▶ [Data excerpts]:
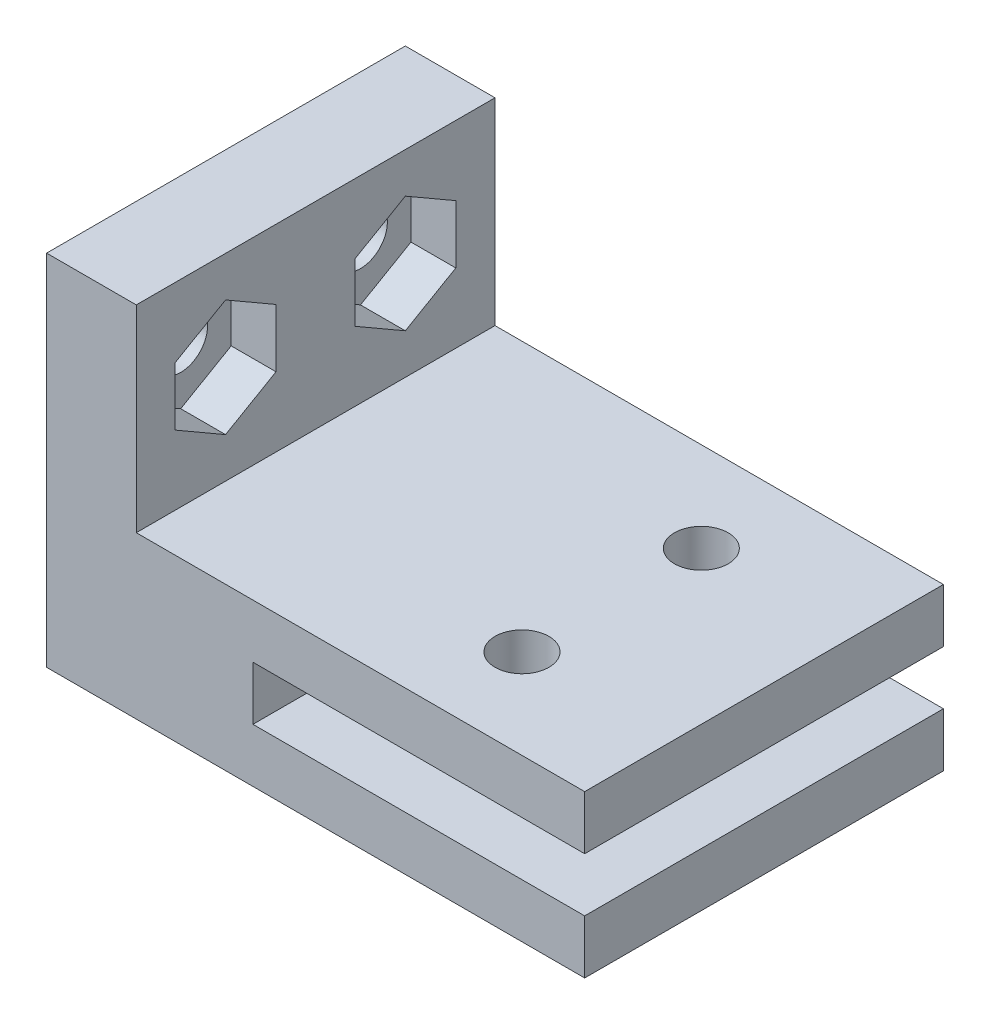
from build123d import *

# Parameters (mm, degrees)
SKETCH2_W           = 40
SKETCH2_H           = 20
BOSS_EXTRUDE2_DEPTH = 20
SKETCH3_W           = 20
SKETCH3_H           = 20
CUT_EXTRUDE1_DEPTH  = 10
SKETCH4_W           = 18.496290815
SKETCH4_H           = 3
CUT_EXTRUDE2_DEPTH  = 31
SKETCH5_R           = 1.5
CUT_EXTRUDE3_DEPTH  = 34.541019662
SKETCH8_R           = 1.5
CUT_EXTRUDE4_DEPTH  = 2.5
CUT_EXTRUDE6_DEPTH  = 31.347981811


with BuildPart() as part:
    # Sketch2 → Boss-Extrude2 (new body)
    with BuildSketch(Plane.XY):
        Rectangle(SKETCH2_W, SKETCH2_H)
    extrude(amount=BOSS_EXTRUDE2_DEPTH)

    # Sketch3 → Cut-Extrude1 (cut)
    with BuildSketch(Plane.ZY.offset(20)):
        with Locations((10, 0)):
            Rectangle(SKETCH3_W, SKETCH3_H)
    extrude(amount=-CUT_EXTRUDE1_DEPTH, mode=Mode.SUBTRACT)

    # Sketch4 → Cut-Extrude2 (cut, through all)
    with BuildSketch(Plane.XY.offset(20)):
        Polygon((-5, -1), (20, -1), (20, 0), (20, 10), (-5, 10), align=None)
        with Locations((10.751854593, -5.5)):
            Rectangle(SKETCH4_W, SKETCH4_H)
    extrude(amount=-CUT_EXTRUDE2_DEPTH, mode=Mode.SUBTRACT)

    # Sketch5 → Cut-Extrude3 (cut, through all)
    with BuildSketch(Plane(origin=(-5, 0, 0), x_dir=(0, 0, -1), z_dir=(1, 0, 0))):
        with Locations((-15.023649692, 4.5)):
            Circle(SKETCH5_R)
        with Locations((-5, 4.5)):
            Circle(SKETCH5_R)
    extrude(amount=-CUT_EXTRUDE3_DEPTH, mode=Mode.SUBTRACT)

    # Sketch8 → Cut-Extrude4 (cut)
    # profile 1 of 2: a face of its own
    with BuildSketch(Plane(origin=(-5, 0, 0), x_dir=(0, 0, -1), z_dir=(1, 0, 0))):
        Polygon((-12.208649692, 2.874758992), (-12.208649692, 6.125241008), (-15.023649692, 7.750482016), (-17.838649692, 6.125241008), (-17.838649692, 2.874758992), (-15.023649692, 1.249517984), align=None)
        with Locations((-15.023649692, 4.5)):
            Circle(SKETCH8_R, mode=Mode.SUBTRACT)
    # profile 2 of 2: a face of its own
    with BuildSketch(Plane(origin=(-5, 0, 0), x_dir=(0, 0, -1), z_dir=(1, 0, 0))):
        Polygon((-2.185, 2.874758992), (-2.185, 6.125241008), (-5, 7.750482016), (-7.815, 6.125241008), (-7.815, 2.874758992), (-5, 1.249517984), align=None)
        with Locations((-5, 4.5)):
            Circle(SKETCH8_R, mode=Mode.SUBTRACT)
    extrude(amount=-CUT_EXTRUDE4_DEPTH, mode=Mode.SUBTRACT)

    # Sketch9 → Cut-Extrude6 (cut, through all)
    with BuildSketch(Plane(origin=(0, -1, 0), x_dir=(1, 0, 0), z_dir=(0, 1, 0))):
        with BuildLine():
            ThreePointArc((11.503709185, -3.5), (10.003709185, -5), (11.503709185, -6.5))
            Line((11.503709185, -6.5), (11.503709185, -3.5))
        make_face()
        with BuildLine():
            Line((11.503709185, -3.5), (11.503709185, -6.5))
            ThreePointArc((11.503709185, -6.5), (12.564369357, -6.060660172), (13.003709185, -5))
            ThreePointArc((13.003709185, -5), (12.564369357, -3.939339828), (11.503709185, -3.5))
        make_face()
        with BuildLine():
            ThreePointArc((11.503709185, -13.5), (10.003709185, -15), (11.503709185, -16.5))
            Line((11.503709185, -16.5), (11.503709185, -13.5))
        make_face()
        with BuildLine():
            Line((11.503709185, -13.5), (11.503709185, -16.5))
            ThreePointArc((11.503709185, -16.5), (12.564369357, -16.060660172), (13.003709185, -15))
            ThreePointArc((13.003709185, -15), (12.564369357, -13.939339828), (11.503709185, -13.5))
        make_face()
    extrude(amount=-CUT_EXTRUDE6_DEPTH, mode=Mode.SUBTRACT)


solid = part.part

▶ [Exercise description]: Total the lines of the data that include the word "SUBTRACT", and give that total as the sole response.

▶ [Response to the exercise]: 7